> _Description of the task_
The entries below hold a line with "#45=LINE('',#44,#43);" and a line with "#53=LINE('',#52,#51);". Return those lines and all that lie between them, exactly and only.
(Data for processing)
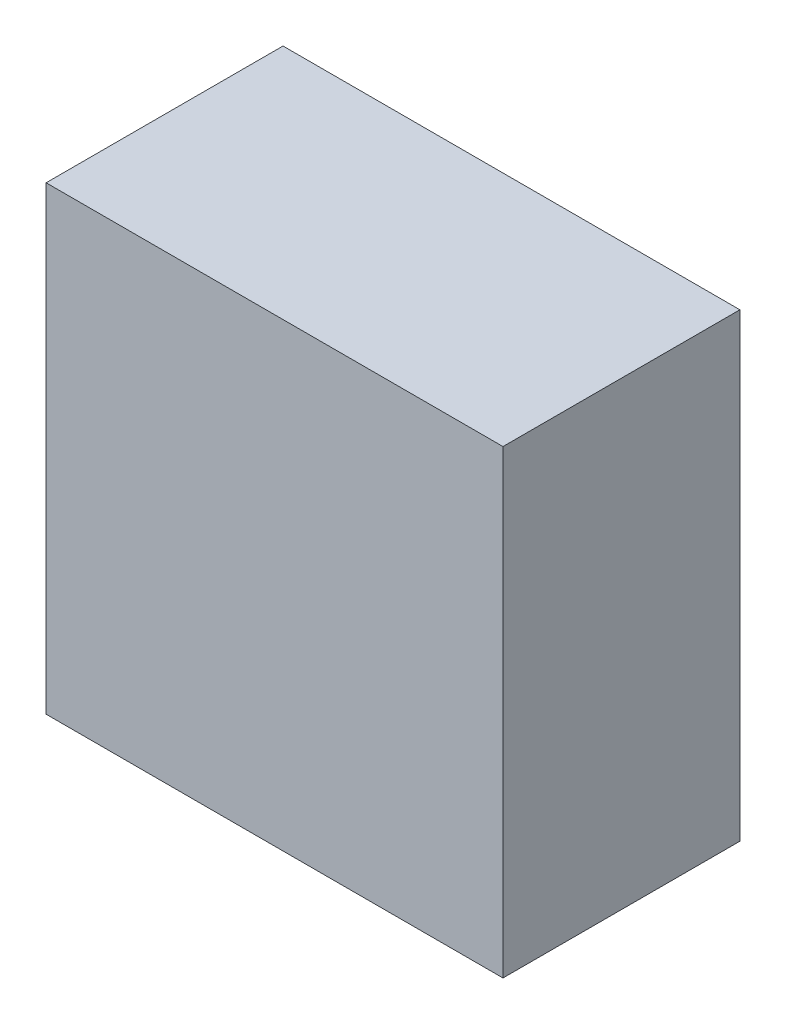
ISO-10303-21;
HEADER;
FILE_DESCRIPTION(('STEP AP214'),'2;1');
FILE_NAME('part.step','',(''),(''),'','','');
FILE_SCHEMA(('AUTOMOTIVE_DESIGN { 1 0 10303 214 1 1 1 1 }'));
ENDSEC;
DATA;
#1=APPLICATION_CONTEXT('core data for automotive mechanical design processes');
#2=APPLICATION_PROTOCOL_DEFINITION('international standard','automotive_design',2000,#1);
#3=PRODUCT_CONTEXT('',#1,'mechanical');
#4=PRODUCT('Part','Part','',(#3));
#5=PRODUCT_RELATED_PRODUCT_CATEGORY('part','',(#4));
#6=PRODUCT_DEFINITION_FORMATION('','',#4);
#7=PRODUCT_DEFINITION_CONTEXT('part definition',#1,'design');
#8=PRODUCT_DEFINITION('design','',#6,#7);
#9=PRODUCT_DEFINITION_SHAPE('','',#8);
#10=(LENGTH_UNIT() NAMED_UNIT(*) SI_UNIT(.MILLI.,.METRE.));
#11=(NAMED_UNIT(*) PLANE_ANGLE_UNIT() SI_UNIT($,.RADIAN.));
#12=(NAMED_UNIT(*) SI_UNIT($,.STERADIAN.) SOLID_ANGLE_UNIT());
#13=UNCERTAINTY_MEASURE_WITH_UNIT(LENGTH_MEASURE(1.E-05),#10,'distance_accuracy_value','');
#14=(GEOMETRIC_REPRESENTATION_CONTEXT(3) GLOBAL_UNCERTAINTY_ASSIGNED_CONTEXT((#13)) GLOBAL_UNIT_ASSIGNED_CONTEXT((#10,
#11,#12)) REPRESENTATION_CONTEXT('',''));
#15=CARTESIAN_POINT('',(0.,0.,0.));
#16=DIRECTION('',(0.,0.,1.));
#17=DIRECTION('',(1.,0.,0.));
#18=AXIS2_PLACEMENT_3D('',#15,#16,#17);
#19=CARTESIAN_POINT('',(0.67499992,-0.67999864,0.));
#20=DIRECTION('',(1.88148170224543E-06,-0.99999999999823,0.));
#21=DIRECTION('',(-0.99999999999823,-1.88148170224543E-06,0.));
#22=AXIS2_PLACEMENT_3D('',#19,#20,#21);
#23=PLANE('',#22);
#24=DIRECTION('',(0.,0.,1.));
#25=VECTOR('',#24,1.);
#26=CARTESIAN_POINT('',(0.67499992,-0.67999864,0.));
#27=LINE('',#26,#25);
#28=CARTESIAN_POINT('',(0.67499992,-0.67999864,0.));
#29=VERTEX_POINT('',#28);
#30=CARTESIAN_POINT('',(0.67499992,-0.67999864,0.70000114));
#31=VERTEX_POINT('',#30);
#32=EDGE_CURVE('E11',#29,#31,#27,.T.);
#33=ORIENTED_EDGE('',*,*,#32,.T.);
#34=DIRECTION('',(-0.99999999999823,-1.88148170224543E-06,0.));
#35=VECTOR('',#34,1.);
#36=CARTESIAN_POINT('',(0.67499992,-0.67999864,0.70000114));
#37=LINE('',#36,#35);
#38=CARTESIAN_POINT('',(-0.67499992,-0.68000118,0.70000114));
#39=VERTEX_POINT('',#38);
#40=EDGE_CURVE('E24',#31,#39,#37,.T.);
#41=ORIENTED_EDGE('',*,*,#40,.T.);
#42=DIRECTION('',(0.,0.,1.));
#43=VECTOR('',#42,1.);
#44=CARTESIAN_POINT('',(-0.67499992,-0.68000118,0.));
#45=LINE('',#44,#43);
#46=CARTESIAN_POINT('',(-0.67499992,-0.68000118,0.));
#47=VERTEX_POINT('',#46);
#48=EDGE_CURVE('E85',#47,#39,#45,.T.);
#49=ORIENTED_EDGE('',*,*,#48,.F.);
#50=DIRECTION('',(-0.99999999999823,-1.88148170224543E-06,0.));
#51=VECTOR('',#50,1.);
#52=CARTESIAN_POINT('',(0.67499992,-0.67999864,0.));
#53=LINE('',#52,#51);
#54=EDGE_CURVE('E83',#29,#47,#53,.T.);
#55=ORIENTED_EDGE('',*,*,#54,.F.);
#56=EDGE_LOOP('',(#33,#41,#49,#55));
#57=FACE_BOUND('',#56,.T.);
#58=ADVANCED_FACE('F17',(#57),#23,.T.);
#59=CARTESIAN_POINT('',(-0.67499992,-0.68000118,0.));
#60=DIRECTION('',(-1.,0.,0.));
#61=DIRECTION('',(0.,1.,0.));
#62=AXIS2_PLACEMENT_3D('',#59,#60,#61);
#63=PLANE('',#62);
#64=ORIENTED_EDGE('',*,*,#48,.T.);
#65=DIRECTION('',(0.,1.,0.));
#66=VECTOR('',#65,1.);
#67=CARTESIAN_POINT('',(-0.67499992,-0.68000118,0.70000114));
#68=LINE('',#67,#66);
#69=CARTESIAN_POINT('',(-0.67499992,0.68000118,0.70000114));
#70=VERTEX_POINT('',#69);
#71=EDGE_CURVE('E81',#39,#70,#68,.T.);
#72=ORIENTED_EDGE('',*,*,#71,.T.);
#73=DIRECTION('',(0.,0.,1.));
#74=VECTOR('',#73,1.);
#75=CARTESIAN_POINT('',(-0.67499992,0.68000118,0.));
#76=LINE('',#75,#74);
#77=CARTESIAN_POINT('',(-0.67499992,0.68000118,0.));
#78=VERTEX_POINT('',#77);
#79=EDGE_CURVE('E79',#78,#70,#76,.T.);
#80=ORIENTED_EDGE('',*,*,#79,.F.);
#81=DIRECTION('',(0.,1.,0.));
#82=VECTOR('',#81,1.);
#83=CARTESIAN_POINT('',(-0.67499992,-0.68000118,0.));
#84=LINE('',#83,#82);
#85=EDGE_CURVE('E70',#47,#78,#84,.T.);
#86=ORIENTED_EDGE('',*,*,#85,.F.);
#87=EDGE_LOOP('',(#64,#72,#80,#86));
#88=FACE_BOUND('',#87,.T.);
#89=ADVANCED_FACE('F90',(#88),#63,.T.);
#90=CARTESIAN_POINT('',(-0.67499992,0.68000118,0.));
#91=DIRECTION('',(-1.88148170224543E-06,0.99999999999823,0.));
#92=DIRECTION('',(0.99999999999823,1.88148170224543E-06,0.));
#93=AXIS2_PLACEMENT_3D('',#90,#91,#92);
#94=PLANE('',#93);
#95=ORIENTED_EDGE('',*,*,#79,.T.);
#96=DIRECTION('',(0.99999999999823,1.88148170224543E-06,0.));
#97=VECTOR('',#96,1.);
#98=CARTESIAN_POINT('',(-0.67499992,0.68000118,0.70000114));
#99=LINE('',#98,#97);
#100=CARTESIAN_POINT('',(0.67499992,0.68000372,0.70000114));
#101=VERTEX_POINT('',#100);
#102=EDGE_CURVE('E60',#70,#101,#99,.T.);
#103=ORIENTED_EDGE('',*,*,#102,.T.);
#104=DIRECTION('',(0.,0.,1.));
#105=VECTOR('',#104,1.);
#106=CARTESIAN_POINT('',(0.67499992,0.68000372,0.));
#107=LINE('',#106,#105);
#108=CARTESIAN_POINT('',(0.67499992,0.68000372,0.));
#109=VERTEX_POINT('',#108);
#110=EDGE_CURVE('E54',#109,#101,#107,.T.);
#111=ORIENTED_EDGE('',*,*,#110,.F.);
#112=DIRECTION('',(0.99999999999823,1.88148170224543E-06,0.));
#113=VECTOR('',#112,1.);
#114=CARTESIAN_POINT('',(-0.67499992,0.68000118,0.));
#115=LINE('',#114,#113);
#116=EDGE_CURVE('E58',#78,#109,#115,.T.);
#117=ORIENTED_EDGE('',*,*,#116,.F.);
#118=EDGE_LOOP('',(#95,#103,#111,#117));
#119=FACE_BOUND('',#118,.T.);
#120=ADVANCED_FACE('F57',(#119),#94,.T.);
#121=CARTESIAN_POINT('',(0.67499992,0.68000372,0.));
#122=DIRECTION('',(1.,0.,0.));
#123=DIRECTION('',(0.,-1.,0.));
#124=AXIS2_PLACEMENT_3D('',#121,#122,#123);
#125=PLANE('',#124);
#126=ORIENTED_EDGE('',*,*,#110,.T.);
#127=DIRECTION('',(0.,-1.,0.));
#128=VECTOR('',#127,1.);
#129=CARTESIAN_POINT('',(0.67499992,0.68000372,0.70000114));
#130=LINE('',#129,#128);
#131=EDGE_CURVE('E71',#101,#31,#130,.T.);
#132=ORIENTED_EDGE('',*,*,#131,.T.);
#133=ORIENTED_EDGE('',*,*,#32,.F.);
#134=DIRECTION('',(0.,-1.,0.));
#135=VECTOR('',#134,1.);
#136=CARTESIAN_POINT('',(0.67499992,0.68000372,0.));
#137=LINE('',#136,#135);
#138=EDGE_CURVE('E68',#109,#29,#137,.T.);
#139=ORIENTED_EDGE('',*,*,#138,.F.);
#140=EDGE_LOOP('',(#126,#132,#133,#139));
#141=FACE_BOUND('',#140,.T.);
#142=ADVANCED_FACE('F73',(#141),#125,.T.);
#143=CARTESIAN_POINT('',(0.67499992,-0.67999864,0.));
#144=DIRECTION('',(0.,0.,1.));
#145=DIRECTION('',(1.,0.,0.));
#146=AXIS2_PLACEMENT_3D('',#143,#144,#145);
#147=PLANE('',#146);
#148=ORIENTED_EDGE('',*,*,#54,.T.);
#149=ORIENTED_EDGE('',*,*,#85,.T.);
#150=ORIENTED_EDGE('',*,*,#116,.T.);
#151=ORIENTED_EDGE('',*,*,#138,.T.);
#152=EDGE_LOOP('',(#148,#149,#150,#151));
#153=FACE_BOUND('',#152,.T.);
#154=ADVANCED_FACE('F67',(#153),#147,.F.);
#155=CARTESIAN_POINT('',(0.67499992,-0.67999864,0.70000114));
#156=DIRECTION('',(0.,0.,1.));
#157=DIRECTION('',(1.,0.,0.));
#158=AXIS2_PLACEMENT_3D('',#155,#156,#157);
#159=PLANE('',#158);
#160=ORIENTED_EDGE('',*,*,#131,.F.);
#161=ORIENTED_EDGE('',*,*,#102,.F.);
#162=ORIENTED_EDGE('',*,*,#71,.F.);
#163=ORIENTED_EDGE('',*,*,#40,.F.);
#164=EDGE_LOOP('',(#160,#161,#162,#163));
#165=FACE_BOUND('',#164,.T.);
#166=ADVANCED_FACE('F91',(#165),#159,.T.);
#167=CLOSED_SHELL('',(#58,#89,#120,#142,#154,#166));
#168=MANIFOLD_SOLID_BREP('B1',#167);
#169=ADVANCED_BREP_SHAPE_REPRESENTATION('',(#18,#168),#14);
#170=SHAPE_DEFINITION_REPRESENTATION(#9,#169);
ENDSEC;
END-ISO-10303-21;
(End Data for processing)
> _Exercise response_
#45=LINE('',#44,#43);
#46=CARTESIAN_POINT('',(-0.67499992,-0.68000118,0.));
#47=VERTEX_POINT('',#46);
#48=EDGE_CURVE('E85',#47,#39,#45,.T.);
#49=ORIENTED_EDGE('',*,*,#48,.F.);
#50=DIRECTION('',(-0.99999999999823,-1.88148170224543E-06,0.));
#51=VECTOR('',#50,1.);
#52=CARTESIAN_POINT('',(0.67499992,-0.67999864,0.));
#53=LINE('',#52,#51);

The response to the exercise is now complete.